Retirement accounts can’t be excluded from the list, right? Retirement accounts are a great option if you already have access to one through your job (i.e. Group RRSP) and are still working. You can learn more about various account types here.
If you’ve never taken the time to set up your retirement account, you’re probably leaving money on the table. Many companies offer a percentage on the dollar that you invest yourself.
Check with your company’s human resources office to find out if you have a retirement plan. Then, don’t waste any time. Sign up for it so your company chips in money, too.
A robo-advisor is a service that uses highly specialized software to do the job of wealth managers or investment advisors – people who decide what you should invest in and then tinker with those investments over time.
Robo-advisors typically have you answer a few questions to determine your appetite for risk which will probably be low if you’re heading into retirement. Then, through the use of proprietary algorithms, they spread your money into appropriate investments, making adjustments as your situation and the market change.
When you open an account with a robo-advisor they typically collect between 1% less in fees than a professional investment advisor. They can charge lower fees as they generally don’t have brick and mortar branches like most other financial institutions and they automate a lot of manual work. A 1% fee on your entire retirement savings can amount to quite the sum of money so it’s very wise to shop around and find a low fee alternative like a robo-advisor, if that best suits your needs.
Have you ever heard of a bond ladder? It’s a way to take advantage of bonds at different maturity rates. Here’s an example of how it works:
Let’s say you plan to invest $30,000.
You buy three bonds each with a face value of $10,000.
Or — you buy 10 bonds with a face value of $3,000.

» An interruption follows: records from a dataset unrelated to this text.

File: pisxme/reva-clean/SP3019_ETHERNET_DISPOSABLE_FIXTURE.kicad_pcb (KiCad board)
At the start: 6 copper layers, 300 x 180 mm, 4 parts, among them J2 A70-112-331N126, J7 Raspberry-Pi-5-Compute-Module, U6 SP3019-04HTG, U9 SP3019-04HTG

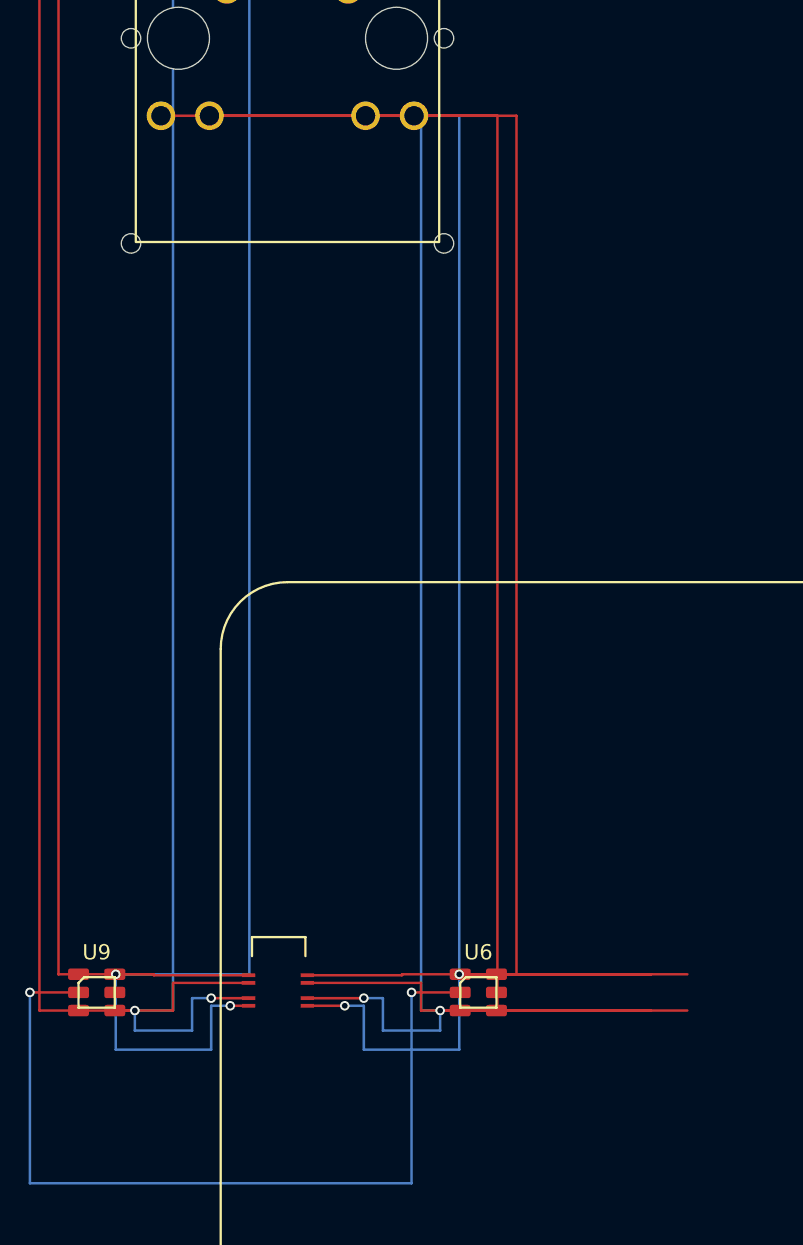
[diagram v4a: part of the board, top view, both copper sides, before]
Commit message: phase17: separate Ethernet source fanout
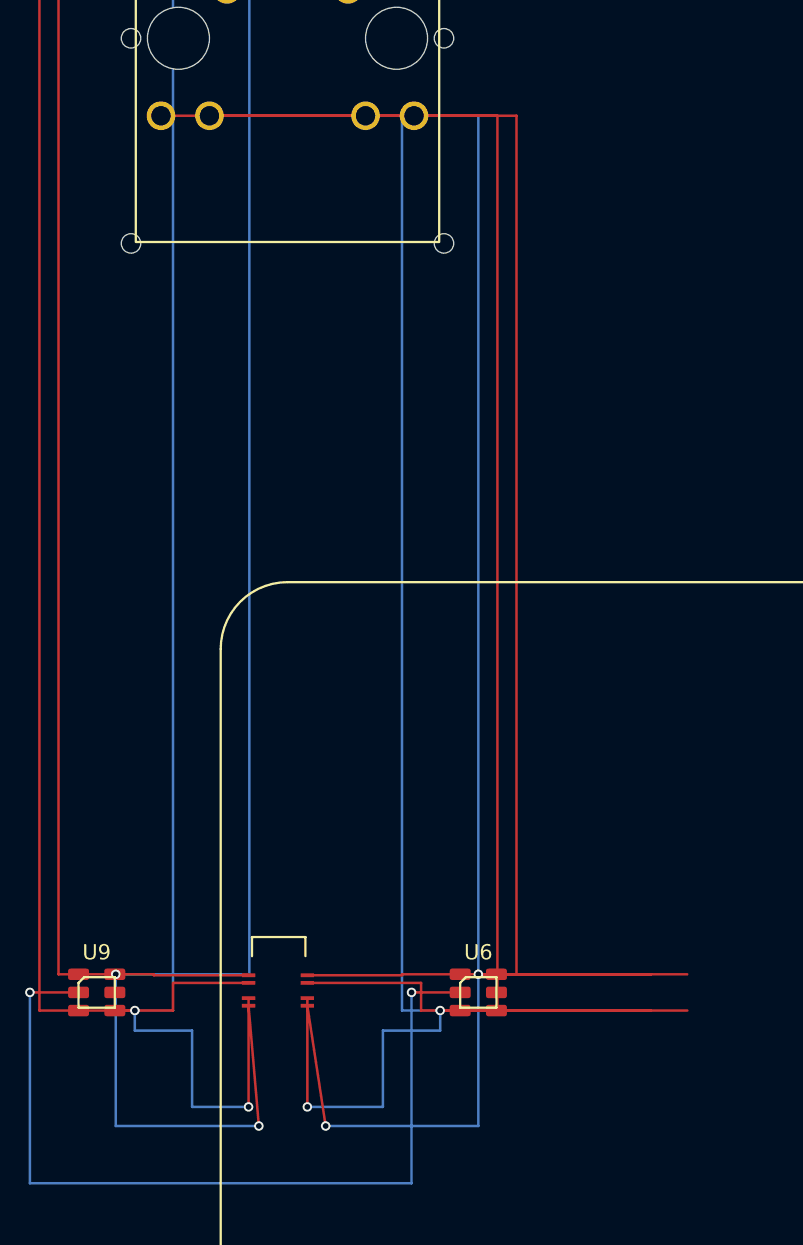
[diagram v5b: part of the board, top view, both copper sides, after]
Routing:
- net CM5_GBE_TD2_P: track 80.9 -> 89.4 mm
- net CM5_GBE_TD0_P: track 73.5 -> 81.6 mm
- net CM5_GBE_TD2_N: track 74.4 -> 82.4 mm
- net CM5_GBE_TD0_N: track 73.5 -> 81.5 mm

The bonds all mature at different times. The first bond matures in a year, the next the year after, the next — you guessed it. You can spread them out over 10 years, too.
It’s a potential low-risk way to gain a return on your retirement savings.
Nervous about plunging your funds into an index fund that tracks the market? (It means your money can also bear down with the market, as well.) However, index funds are inexpensive and also generally recover with the market since they track it. Popular ETFs like Vanguard Index 500 (VFINX) or an exchange-traded fund (ETF) such as the SPDR S&P 500 ETF (SPY) are options.
Decide Whether Annuities Are Right for You
If you’re scratching your head wondering what option is best for you then you’ll want to consider the following:
Whether you want your beneficiaries to benefit
Your other needs or goals (would you rather start those for your grandkids?)
Regardless of your decision, you shouldn’t take it lightly. Choosing an annuity is a major decision so make sure it’s the right one for you and talk to a professional that offers annuities before whipping out your wallet.